Are your green thumbs just itching to get out to the garden and start that first early planting? Not so fast! Let’s look forward at the wintertime weather predictions for 2020.
Regional Considerations
When to plant, and how to plant, depends greatly on your region. In 2020, it’s expected that there will be an especially bitter, cold winter for areas east of the Rockies, and on into Appalachia. That’s according to The Farmer’s Almanac.
In the American Southwest, out to California, you can expect cool temperatures and average levels of precipitation. The Northwest will be chilly with normal precipitation. Texas will be, as the Almanac puts it, “chilled” with normal precipitation.

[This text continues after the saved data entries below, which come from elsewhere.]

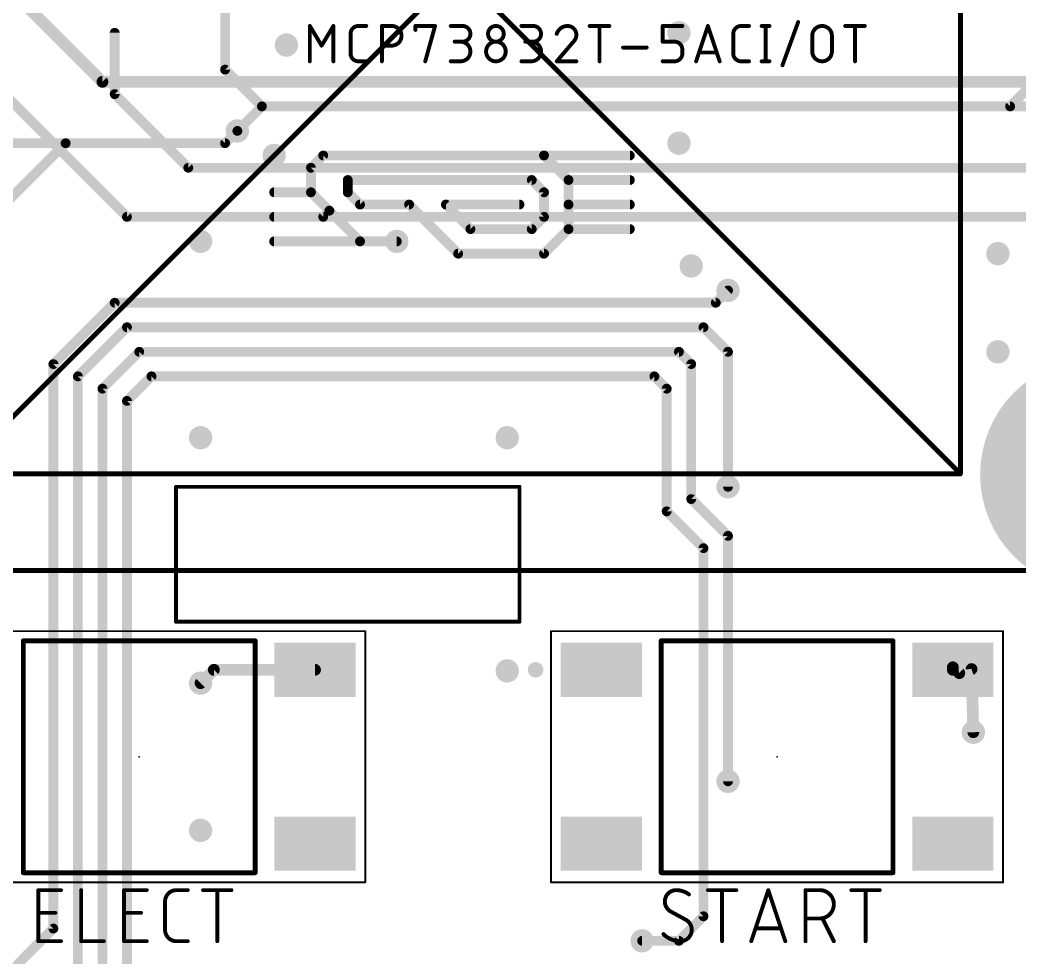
# Model space of a CAD drawing. Extents: x -1.91 to 1.91, y -2.61 to 1.61.
# Drawn here: x -0.447 to 0.572, y -0.504 to 0.451 of the extents above; entities that cross this region are included whole.
import ezdxf

# ---------------------------------------------------------------- set-up
doc = ezdxf.new("R2010")
doc.units = 0
for name, color, linetype in [('1', 22, 'CONTINUOUS'), ('18', 82, 'CONTINUOUS'), ('20', 30, 'CONTINUOUS'), ('21', 253, 'CONTINUOUS'), ('23', 7, 'CONTINUOUS'), ('25', 253, 'CONTINUOUS'), ('39', 22, 'CONTINUOUS'), ('51', 253, 'CONTINUOUS')]:
    doc.layers.add(name, color=color, linetype=linetype)

# ---------------------------------------------------------------- blocks, each defined once
blk = doc.blocks.new('RECT')
blk.add_solid([(-0.5, -0.5), (0.5, -0.5), (-0.5, 0.5), (0.5, 0.5)])
blk = doc.blocks.new('ROUNDV')
at = {"const_width": 0.5}
blk.add_lwpolyline([(0, -0.25, 1), (0, 0.25, 1), (0, -0.25)], format="xyb", dxfattribs=at)

msp = doc.modelspace()

# ---------------------------------------------------------------- linework, layer by layer
at = {"layer": '1'}
for points, const_width in [([(-0.3625, 0.3875), (-0.4875, 0.5125)], 0.012), ([(0.775, 0.3875), (-0.3625, 0.3875)], 0.012), ([(-0.225, 0.3375), (-0.2, 0.3625)], 0.01), ([(-0.2, 0.3625), (0.8, 0.3625)], 0.01), ([(-0.225, 0.3375), (-0.2375, 0.325)], 0.01), ([(-0.85, 0.325), (-0.4, 0.325)], 0.01), ([(-0.5125, 0.2125), (-0.4, 0.325)], 0.01), ([(-0.4, 0.325), (-0.2375, 0.325)], 0.01), ([(-0.15, 0.3), (-0.1375, 0.3125)], 0.01), ([(-0.1375, 0.3125), (0.0875, 0.3125)], 0.01), ([(0.0875, 0.3125), (0.1125, 0.2875)], 0.01), ([(0.0875, 0.3125), (0.175, 0.3125)], 0.01), ([(-0.15, 0.275), (-0.15, 0.3)], 0.01), ([(-0.1125, 0.275), (-0.1125, 0.2875)], 0.01), ([(-0.1125, 0.2875), (0.075, 0.2875)], 0.01), ([(0.075, 0.2875), (0.0875, 0.275)], 0.01), ([(0.1125, 0.2875), (0.1125, 0.2625)], 0.01), ([(0.1125, 0.2875), (0.175, 0.2875)], 0.01), ([(-0.15, 0.275), (-0.1875, 0.275)], 0.01), ([(-0.13125, 0.25625), (-0.15, 0.275)], 0.01), ([(-0.1, 0.2625), (-0.1125, 0.275)], 0.01), ([(0.0875, 0.275), (0.0875, 0.25)], 0.01), ([(-0.05, 0.2625), (-0.1, 0.2625)], 0.01), ([(0, 0.2125), (-0.05, 0.2625)], 0.01), ([(0.0125, 0.2375), (-0.0125, 0.2625)], 0.01), ([(-0.0125, 0.2625), (0.0625, 0.2625)], 0.01), ([(0.1125, 0.2625), (0.1125, 0.2375)], 0.01), ([(0.1125, 0.2625), (0.175, 0.2625)], 0.01), ([(-0.1375, 0.25), (-0.1875, 0.25)], 0.01), ([(-0.13125, 0.25625), (-0.1375, 0.25)], 0.01), ([(-0.1, 0.225), (-0.13125, 0.25625)], 0.01), ([(0.0875, 0.25), (0.075, 0.2375)], 0.01), ([(0.075, 0.2375), (0.0125, 0.2375)], 0.01), ([(0.1125, 0.2375), (0.0875, 0.2125)], 0.01), ([(0.1125, 0.2375), (0.175, 0.2375)], 0.01), ([(-0.1, 0.225), (-0.1875, 0.225)], 0.01), ([(-0.0625, 0.225), (-0.1, 0.225)], 0.01), ([(0.0875, 0.2125), (0, 0.2125)], 0.01), ([(0.2625, 0.1625), (0.275, 0.175)], 0.01), ([(-0.4125, 0.1), (-0.35, 0.1625)], 0.01), ([(-0.35, 0.1625), (0.2625, 0.1625)], 0.01), ([(-0.3875, 0.0875), (-0.3375, 0.1375)], 0.01), ([(-0.3375, 0.1375), (0.25, 0.1375)], 0.01), ([(0.25, 0.1375), (0.275, 0.1125)], 0.01), ([(-0.3625, 0.075), (-0.325, 0.1125)], 0.01), ([(-0.325, 0.1125), (0.225, 0.1125)], 0.01), ([(0.225, 0.1125), (0.2375, 0.1)], 0.01), ([(0.275, 0.1125), (0.275, -0.025)], 0.01), ([(-0.4125, -0.475), (-0.4125, 0.1)], 0.01), ([(0.2375, 0.1), (0.2375, -0.0375)], 0.01), ([(-0.3875, -0.6), (-0.3875, 0.0875)], 0.01), ([(-0.3375, 0.0625), (-0.3125, 0.0875)], 0.01), ([(-0.3125, 0.0875), (0.2, 0.0875)], 0.01), ([(0.2, 0.0875), (0.2125, 0.075)], 0.01), ([(-0.3625, -0.6125), (-0.3625, 0.075)], 0.01), ([(0.2125, 0.075), (0.2125, -0.05)], 0.01), ([(-0.3375, -0.6375), (-0.3375, 0.0625)], 0.01), ([(0.2375, -0.0375), (0.275, -0.075)], 0.01), ([(0.2125, -0.05), (0.25, -0.0875)], 0.01), ([(0.275, -0.075), (0.275, -0.325)], 0.01), ([(0.25, -0.0875), (0.25, -0.4625)], 0.01), ([(0.510696, -0.214755), (0.504134, -0.208817)], 0.012), ([(0.504134, -0.208817), (0.504134, -0.211417)], 0.012), ([(-0.248917, -0.211417), (-0.2625, -0.225)], 0.012), ([(-0.145866, -0.211417), (-0.248917, -0.211417)], 0.012), ([(0.523196, -0.210696), (0.510696, -0.214755)], 0.012), ([(0.525, -0.275), (0.523196, -0.210696)], 0.012), ([(0.25, -0.4625), (0.225, -0.4875)], 0.01), ([(-0.469783, -0.532283), (-0.4125, -0.475)], 0.01), ([(0.225, -0.4875), (0.1875, -0.4875)], 0.01)]:
    msp.add_lwpolyline(points, dxfattribs=dict(at, const_width=const_width))
for points, const_width in [([(-0.3625, 0.3905, 1), (-0.3625, 0.3845)], 0.006), ([(-0.364621, 0.385379, 1), (-0.360379, 0.389621)], 0.006), ([(-0.2, 0.365, 1), (-0.2, 0.36)], 0.005), ([(-0.198232, 0.360732, 1), (-0.201768, 0.364268)], 0.005), ([(-0.226768, 0.339268, 1), (-0.223232, 0.335732)], 0.005), ([(-0.223232, 0.335732, 1), (-0.226768, 0.339268)], 0.005), ([(-0.4, 0.3275, 1), (-0.4, 0.3225)], 0.005), ([(-0.398232, 0.323232, 1), (-0.401768, 0.326768)], 0.005), ([(-0.4, 0.3225, 1), (-0.4, 0.3275)], 0.005), ([(-0.239268, 0.326768, 1), (-0.235732, 0.323232)], 0.005), ([(-0.2375, 0.3225, 1), (-0.2375, 0.3275)], 0.005), ([(-0.1375, 0.315, 1), (-0.1375, 0.31)], 0.005), ([(-0.135732, 0.310732, 1), (-0.139268, 0.314268)], 0.005), ([(0.089268, 0.314268, 1), (0.085732, 0.310732)], 0.005), ([(0.0875, 0.315, 1), (0.0875, 0.31)], 0.005), ([(0.0875, 0.31, 1), (0.0875, 0.315)], 0.005), ([(0.175, 0.31, 1), (0.175, 0.315)], 0.005), ([(-0.1475, 0.3, 1), (-0.1525, 0.3)], 0.005), ([(-0.151768, 0.301768, 1), (-0.148232, 0.298232)], 0.005), ([(-0.11, 0.2875, 1), (-0.115, 0.2875)], 0.005), ([(-0.1125, 0.29, 1), (-0.1125, 0.285)], 0.005), ([(0.076768, 0.289268, 1), (0.073232, 0.285732)], 0.005), ([(0.075, 0.285, 1), (0.075, 0.29)], 0.005), ([(0.115, 0.2875, 1), (0.11, 0.2875)], 0.005), ([(0.1125, 0.29, 1), (0.1125, 0.285)], 0.005), ([(0.110732, 0.285732, 1), (0.114268, 0.289268)], 0.005), ([(0.175, 0.285, 1), (0.175, 0.29)], 0.005), ([(-0.1875, 0.2775, 1), (-0.1875, 0.2725)], 0.005), ([(-0.148232, 0.276768, 1), (-0.151768, 0.273232)], 0.005), ([(-0.1525, 0.275, 1), (-0.1475, 0.275)], 0.005), ([(-0.15, 0.2725, 1), (-0.15, 0.2775)], 0.005), ([(-0.110732, 0.276768, 1), (-0.114268, 0.273232)], 0.005), ([(-0.115, 0.275, 1), (-0.11, 0.275)], 0.005), ([(0.09, 0.275, 1), (0.085, 0.275)], 0.005), ([(0.085732, 0.273232, 1), (0.089268, 0.276768)], 0.005), ([(-0.1, 0.265, 1), (-0.1, 0.26)], 0.005), ([(-0.101768, 0.260732, 1), (-0.098232, 0.264268)], 0.005), ([(-0.048232, 0.264268, 1), (-0.051768, 0.260732)], 0.005), ([(-0.05, 0.26, 1), (-0.05, 0.265)], 0.005), ([(-0.010732, 0.264268, 1), (-0.014268, 0.260732)], 0.005), ([(-0.0125, 0.265, 1), (-0.0125, 0.26)], 0.005), ([(0.0625, 0.26, 1), (0.0625, 0.265)], 0.005), ([(0.115, 0.2625, 1), (0.11, 0.2625)], 0.005), ([(0.1125, 0.265, 1), (0.1125, 0.26)], 0.005), ([(0.11, 0.2625, 1), (0.115, 0.2625)], 0.005), ([(0.175, 0.26, 1), (0.175, 0.265)], 0.005), ([(-0.1875, 0.2525, 1), (-0.1875, 0.2475)], 0.005), ([(-0.1375, 0.2475, 1), (-0.1375, 0.2525)], 0.005), ([(-0.129482, 0.258018, 1), (-0.133018, 0.254482)], 0.005), ([(-0.129482, 0.254482, 1), (-0.133018, 0.258018)], 0.005), ([(-0.133018, 0.254482, 1), (-0.129482, 0.258018)], 0.005), ([(0.089268, 0.248232, 1), (0.085732, 0.251768)], 0.005), ([(-0.139268, 0.251768, 1), (-0.135732, 0.248232)], 0.005), ([(0.085, 0.25, 1), (0.09, 0.25)], 0.005), ([(0.0125, 0.24, 1), (0.0125, 0.235)], 0.005), ([(0.010732, 0.235732, 1), (0.014268, 0.239268)], 0.005), ([(0.073232, 0.239268, 1), (0.076768, 0.235732)], 0.005), ([(0.075, 0.235, 1), (0.075, 0.24)], 0.005), ([(0.1125, 0.24, 1), (0.1125, 0.235)], 0.005), ([(0.11, 0.2375, 1), (0.115, 0.2375)], 0.005), ([(0.114268, 0.235732, 1), (0.110732, 0.239268)], 0.005), ([(0.175, 0.235, 1), (0.175, 0.24)], 0.005), ([(-0.1875, 0.2275, 1), (-0.1875, 0.2225)], 0.005), ([(-0.1, 0.2275, 1), (-0.1, 0.2225)], 0.005), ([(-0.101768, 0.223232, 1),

It will be brisk and wet in the southeast, frozen and snowy around the Upper Peninsula areas including Minnesota, Wisconsin, and Michigan, there will be a cold wintry mix in the northeast, and you can expect the area around D.C. and N.Y.C. to be frosty, wet, and white.
If you’re going to start a garden this year, you may want to wait a few weeks past your normal planting time—depending on your area, of course, and what you plan to husband through the year. Just because it’s cold doesn’t mean you can’t get started early; it just means you really really want to plan it out. For example, you can start certain plants indoors.
An Early Start?
As of this writing, it’s January. If you’ve got the wherewithal and perseverance to carefully nurture indoor plants in a container garden, you can get them flourishing before the warm comes. Then, you’ll plant them when spring has passed its last frost. When to start indoor plants will depend on a variety of factors, but there are also quite a few plants you can get going this way.
Lettuce, cabbage, broccoli, brussels sprouts, cauliflower, Asian greens, and other Brassicas benefit from an indoor start. So do plants in the onion family, leeks included, and artichokes of the “short season” kind. Another plant that may do well from an indoor start is lavender. Many don’t realize that lavender seed can take up to three months to germinate.
Here’s an in-depth article on how best to husband lavender. Starting indoors when it’s cold outside is wise; especially in 2020 where it certainly appears the cold will come, stay, and refuse to leave for longer than expected. Now of course, you can’t blindly trust in the Farmer’s Almanac. Though they’re accurate between 75% and 85% of the time (depending on who you ask), you can’t totally trust in as-yet-unseen futures.
Also, there are certainly some plants which you can put in the ground well before spring comes, as they’re the sort of flora which almost “hibernates” before it sprouts very quickly in spring. Garlic, broad beans, peas, asparagus, carrots, and pak choi are all winter vegetables. However, it’s important to note that how much winter they can stand will differ.
The Reality of Local Climate
It’s going to be a lot harder to do anything in winter somewhere like Wyoming than it will be somewhere like San Diego. When climates are naturally warm, to begin with, you’ve got a lot more latitude in horticulture.
If you’re really intent on jump-starting your garden, set aside an area in your home to be a miniature indoor garden. You can keep it lit one of two ways: you can put the plants near a window where the light comes in, or you can use lamps. Lamps are probably better because you can put them on a timer simulating natural circadian rhythms.
If you grow plants with regular winter illumination, this will affect their growth and level of flourish. However, get them on a high-light schedule, water them regularly, and automate the process, and you’ll have some healthy plants to put in the ground when the long winter of 2020 finally relents and gives way to spring.
Get Your Green Thumbs Ready!
Just because it’s cold outside and naturally growing plants have gone into their version of hibernation doesn’t mean you can’t manage your garden. You’ll just have to dimensionally extend that garden beyond the soil and into your home’s kitchen, sunroom, living room, or garage—if it’s warm enough in there.
So get that green thumb moist with earth, even though the sun sets early and rises late. Figure out what plants will do best with an indoor head start, put down tarps, get pots and pans, install an automated indoor irrigation array, and use lamps on a timer to get that photosynthesis going. When spring comes, your garden will already be half in bloom!